I want to finish where I started: Can Britain afford it? Aid is, in essence, a partial substitute for savings. Can one really expect massive savings from countries such as India or Tanzania, with an income per head of £25 a year? Is it not more sensible to look for the savings out of the affluent societies with incomes per head of £400 a year upwards—societies such as ours? We in Britain may be broke, but we are not poor. But we shall be the poorer, economically and morally, if we try in any way to contract out of playing an active part in the development field. For this reason I support this Bill, so long as it is regarded as a firm foundation for a new creative edifice of British aid, and not as in any way defining or confining the range and direction of the British aid effort.

3.48 p.m.


My Lords, after all the speeches on this Bill which I have heard this afternoon I am particularly grateful to the last speaker. I am glad that the noble Lord did not confine his second speech to three and a half minutes; and in his animated and—in more senses than one—spirited speech, he has brought the issue to a point to which I feel bound to address myself from this Bench. However, my comments will proceed from a more waterish liquid than the one to which he referred at an earlier stage.
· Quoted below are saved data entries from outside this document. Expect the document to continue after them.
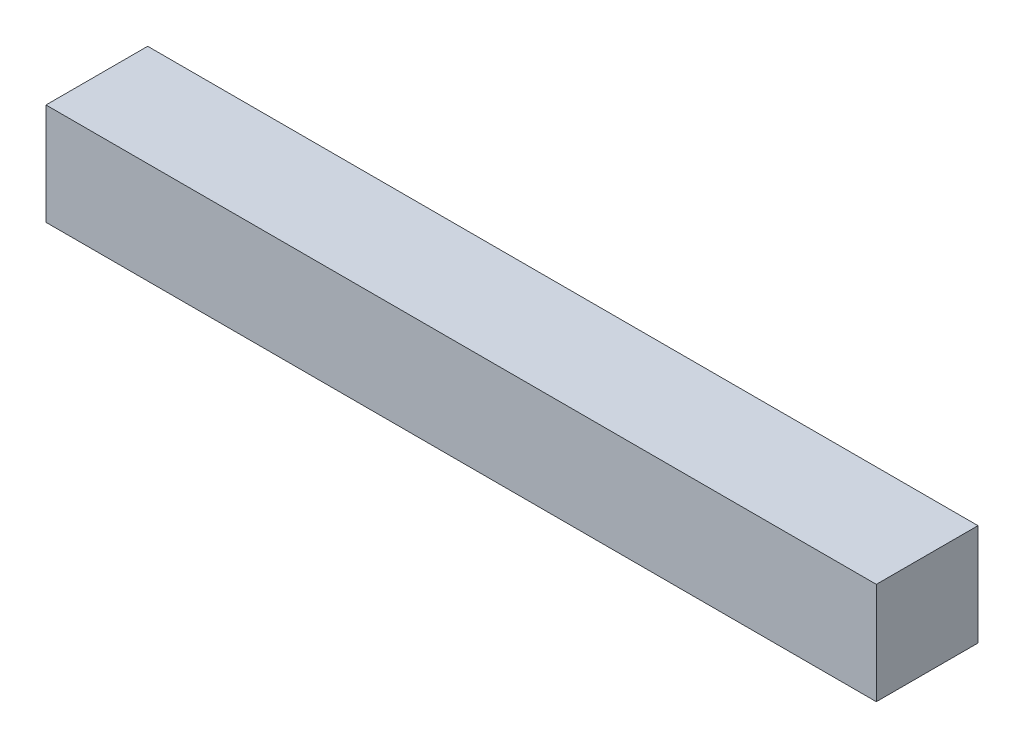
ISO-10303-21;
HEADER;
FILE_DESCRIPTION(('STEP AP214'),'2;1');
FILE_NAME('part.step','',(''),(''),'','','');
FILE_SCHEMA(('AUTOMOTIVE_DESIGN { 1 0 10303 214 1 1 1 1 }'));
ENDSEC;
DATA;
#1=APPLICATION_CONTEXT('core data for automotive mechanical design processes');
#2=APPLICATION_PROTOCOL_DEFINITION('international standard','automotive_design',2000,#1);
#3=PRODUCT_CONTEXT('',#1,'mechanical');
#4=PRODUCT('Part','Part','',(#3));
#5=PRODUCT_RELATED_PRODUCT_CATEGORY('part','',(#4));
#6=PRODUCT_DEFINITION_FORMATION('','',#4);
#7=PRODUCT_DEFINITION_CONTEXT('part definition',#1,'design');
#8=PRODUCT_DEFINITION('design','',#6,#7);
#9=PRODUCT_DEFINITION_SHAPE('','',#8);
#10=(LENGTH_UNIT() NAMED_UNIT(*) SI_UNIT(.MILLI.,.METRE.));
#11=(NAMED_UNIT(*) PLANE_ANGLE_UNIT() SI_UNIT($,.RADIAN.));
#12=(NAMED_UNIT(*) SI_UNIT($,.STERADIAN.) SOLID_ANGLE_UNIT());
#13=UNCERTAINTY_MEASURE_WITH_UNIT(LENGTH_MEASURE(1.E-05),#10,'distance_accuracy_value','');
#14=(GEOMETRIC_REPRESENTATION_CONTEXT(3) GLOBAL_UNCERTAINTY_ASSIGNED_CONTEXT((#13)) GLOBAL_UNIT_ASSIGNED_CONTEXT((#10,
#11,#12)) REPRESENTATION_CONTEXT('',''));
#15=CARTESIAN_POINT('',(0.,0.,0.));
#16=DIRECTION('',(0.,0.,1.));
#17=DIRECTION('',(1.,0.,0.));
#18=AXIS2_PLACEMENT_3D('',#15,#16,#17);
#19=CARTESIAN_POINT('',(0.,3.,0.));
#20=DIRECTION('',(1.,0.,0.));
#21=DIRECTION('',(0.,0.,-1.));
#22=AXIS2_PLACEMENT_3D('',#19,#20,#21);
#23=PLANE('',#22);
#24=DIRECTION('',(0.,0.,1.));
#25=VECTOR('',#24,1.);
#26=CARTESIAN_POINT('',(0.,0.,0.));
#27=LINE('',#26,#25);
#28=CARTESIAN_POINT('',(0.,0.,-3.));
#29=VERTEX_POINT('',#28);
#30=CARTESIAN_POINT('',(0.,0.,0.));
#31=VERTEX_POINT('',#30);
#32=EDGE_CURVE('E102',#29,#31,#27,.T.);
#33=ORIENTED_EDGE('',*,*,#32,.T.);
#34=DIRECTION('',(0.,-1.,0.));
#35=VECTOR('',#34,1.);
#36=CARTESIAN_POINT('',(0.,3.,0.));
#37=LINE('',#36,#35);
#38=CARTESIAN_POINT('',(0.,3.,0.));
#39=VERTEX_POINT('',#38);
#40=EDGE_CURVE('E11',#39,#31,#37,.T.);
#41=ORIENTED_EDGE('',*,*,#40,.F.);
#42=DIRECTION('',(0.,0.,1.));
#43=VECTOR('',#42,1.);
#44=CARTESIAN_POINT('',(0.,3.,0.));
#45=LINE('',#44,#43);
#46=CARTESIAN_POINT('',(0.,3.,-3.));
#47=VERTEX_POINT('',#46);
#48=EDGE_CURVE('E90',#47,#39,#45,.T.);
#49=ORIENTED_EDGE('',*,*,#48,.F.);
#50=DIRECTION('',(0.,-1.,0.));
#51=VECTOR('',#50,1.);
#52=CARTESIAN_POINT('',(0.,3.,-3.));
#53=LINE('',#52,#51);
#54=EDGE_CURVE('E98',#47,#29,#53,.T.);
#55=ORIENTED_EDGE('',*,*,#54,.T.);
#56=EDGE_LOOP('',(#33,#41,#49,#55));
#57=FACE_BOUND('',#56,.T.);
#58=ADVANCED_FACE('F39',(#57),#23,.F.);
#59=CARTESIAN_POINT('',(0.,3.,0.));
#60=DIRECTION('',(0.,0.,-1.));
#61=DIRECTION('',(-1.,0.,0.));
#62=AXIS2_PLACEMENT_3D('',#59,#60,#61);
#63=PLANE('',#62);
#64=DIRECTION('',(1.,0.,0.));
#65=VECTOR('',#64,1.);
#66=CARTESIAN_POINT('',(0.,0.,0.));
#67=LINE('',#66,#65);
#68=CARTESIAN_POINT('',(24.5,0.,0.));
#69=VERTEX_POINT('',#68);
#70=EDGE_CURVE('E94',#31,#69,#67,.T.);
#71=ORIENTED_EDGE('',*,*,#70,.T.);
#72=DIRECTION('',(0.,-1.,0.));
#73=VECTOR('',#72,1.);
#74=CARTESIAN_POINT('',(24.5,3.,0.));
#75=LINE('',#74,#73);
#76=CARTESIAN_POINT('',(24.5,3.,0.));
#77=VERTEX_POINT('',#76);
#78=EDGE_CURVE('E47',#77,#69,#75,.T.);
#79=ORIENTED_EDGE('',*,*,#78,.F.);
#80=DIRECTION('',(1.,0.,0.));
#81=VECTOR('',#80,1.);
#82=CARTESIAN_POINT('',(0.,3.,0.));
#83=LINE('',#82,#81);
#84=EDGE_CURVE('E85',#39,#77,#83,.T.);
#85=ORIENTED_EDGE('',*,*,#84,.F.);
#86=ORIENTED_EDGE('',*,*,#40,.T.);
#87=EDGE_LOOP('',(#71,#79,#85,#86));
#88=FACE_BOUND('',#87,.T.);
#89=ADVANCED_FACE('F93',(#88),#63,.F.);
#90=CARTESIAN_POINT('',(24.5,3.,0.));
#91=DIRECTION('',(-1.,0.,0.));
#92=DIRECTION('',(0.,0.,1.));
#93=AXIS2_PLACEMENT_3D('',#90,#91,#92);
#94=PLANE('',#93);
#95=DIRECTION('',(0.,0.,-1.));
#96=VECTOR('',#95,1.);
#97=CARTESIAN_POINT('',(24.5,0.,0.));
#98=LINE('',#97,#96);
#99=CARTESIAN_POINT('',(24.5,0.,-3.));
#100=VERTEX_POINT('',#99);
#101=EDGE_CURVE('E72',#69,#100,#98,.T.);
#102=ORIENTED_EDGE('',*,*,#101,.T.);
#103=DIRECTION('',(0.,-1.,0.));
#104=VECTOR('',#103,1.);
#105=CARTESIAN_POINT('',(24.5,3.,-3.));
#106=LINE('',#105,#104);
#107=CARTESIAN_POINT('',(24.5,3.,-3.));
#108=VERTEX_POINT('',#107);
#109=EDGE_CURVE('E95',#108,#100,#106,.T.);
#110=ORIENTED_EDGE('',*,*,#109,.F.);
#111=DIRECTION('',(0.,0.,-1.));
#112=VECTOR('',#111,1.);
#113=CARTESIAN_POINT('',(24.5,3.,0.));
#114=LINE('',#113,#112);
#115=EDGE_CURVE('E88',#77,#108,#114,.T.);
#116=ORIENTED_EDGE('',*,*,#115,.F.);
#117=ORIENTED_EDGE('',*,*,#78,.T.);
#118=EDGE_LOOP('',(#102,#110,#116,#117));
#119=FACE_BOUND('',#118,.T.);
#120=ADVANCED_FACE('F96',(#119),#94,.F.);
#121=CARTESIAN_POINT('',(0.,3.,-3.));
#122=DIRECTION('',(0.,0.,1.));
#123=DIRECTION('',(1.,0.,0.));
#124=AXIS2_PLACEMENT_3D('',#121,#122,#123);
#125=PLANE('',#124);
#126=DIRECTION('',(-1.,0.,0.));
#127=VECTOR('',#126,1.);
#128=CARTESIAN_POINT('',(0.,0.,-3.));
#129=LINE('',#128,#127);
#130=EDGE_CURVE('E78',#100,#29,#129,.T.);
#131=ORIENTED_EDGE('',*,*,#130,.T.);
#132=ORIENTED_EDGE('',*,*,#54,.F.);
#133=DIRECTION('',(-1.,0.,0.));
#134=VECTOR('',#133,1.);
#135=CARTESIAN_POINT('',(0.,3.,-3.));
#136=LINE('',#135,#134);
#137=EDGE_CURVE('E55',#108,#47,#136,.T.);
#138=ORIENTED_EDGE('',*,*,#137,.F.);
#139=ORIENTED_EDGE('',*,*,#109,.T.);
#140=EDGE_LOOP('',(#131,#132,#138,#139));
#141=FACE_BOUND('',#140,.T.);
#142=ADVANCED_FACE('F109',(#141),#125,.F.);
#143=CARTESIAN_POINT('',(0.,3.,0.));
#144=DIRECTION('',(0.,-1.,0.));
#145=DIRECTION('',(0.,0.,-1.));
#146=AXIS2_PLACEMENT_3D('',#143,#144,#145);
#147=PLANE('',#146);
#148=ORIENTED_EDGE('',*,*,#48,.T.);
#149=ORIENTED_EDGE('',*,*,#84,.T.);
#150=ORIENTED_EDGE('',*,*,#115,.T.);
#151=ORIENTED_EDGE('',*,*,#137,.T.);
#152=EDGE_LOOP('',(#148,#149,#150,#151));
#153=FACE_BOUND('',#152,.T.);
#154=ADVANCED_FACE('F86',(#153),#147,.F.);
#155=CARTESIAN_POINT('',(0.,0.,0.));
#156=DIRECTION('',(0.,-1.,0.));
#157=DIRECTION('',(0.,0.,-1.));
#158=AXIS2_PLACEMENT_3D('',#155,#156,#157);
#159=PLANE('',#158);
#160=ORIENTED_EDGE('',*,*,#32,.F.);
#161=ORIENTED_EDGE('',*,*,#130,.F.);
#162=ORIENTED_EDGE('',*,*,#101,.F.);
#163=ORIENTED_EDGE('',*,*,#70,.F.);
#164=EDGE_LOOP('',(#160,#161,#162,#163));
#165=FACE_BOUND('',#164,.T.);
#166=ADVANCED_FACE('F112',(#165),#159,.T.);
#167=CLOSED_SHELL('',(#58,#89,#120,#142,#154,#166));
#168=MANIFOLD_SOLID_BREP('B2',#167);
#169=ADVANCED_BREP_SHAPE_REPRESENTATION('',(#18,#168),#14);
#170=SHAPE_DEFINITION_REPRESENTATION(#9,#169);
ENDSEC;
END-ISO-10303-21;

It is true that we are dealing with a Bill which is, in fact, a piece of machinery, but it is a piece of machinery to arm and equip a new Ministry which itself is a very significant departure. It is interesting that yesterday afternoon we were debating issues of social security, and the assumption there, unquestioned by all, is that within the national community there is a mutual obligation to one another in which those who have needs of a serious human nature have a right to ask help of their fellows. This obligation is now written into the whole Constitution of our country; and in the existence of a Ministry of Overseas Development we are, in fact, acknowledging that in some degree this same principle is being written larger into what is now becoming the world community: the principle that there are not merely charitable needs but obligations of one nation towards another which we cannot, without dishonour, ignore. It is this aspect, especially, which the Churches hail with a great sense of relief.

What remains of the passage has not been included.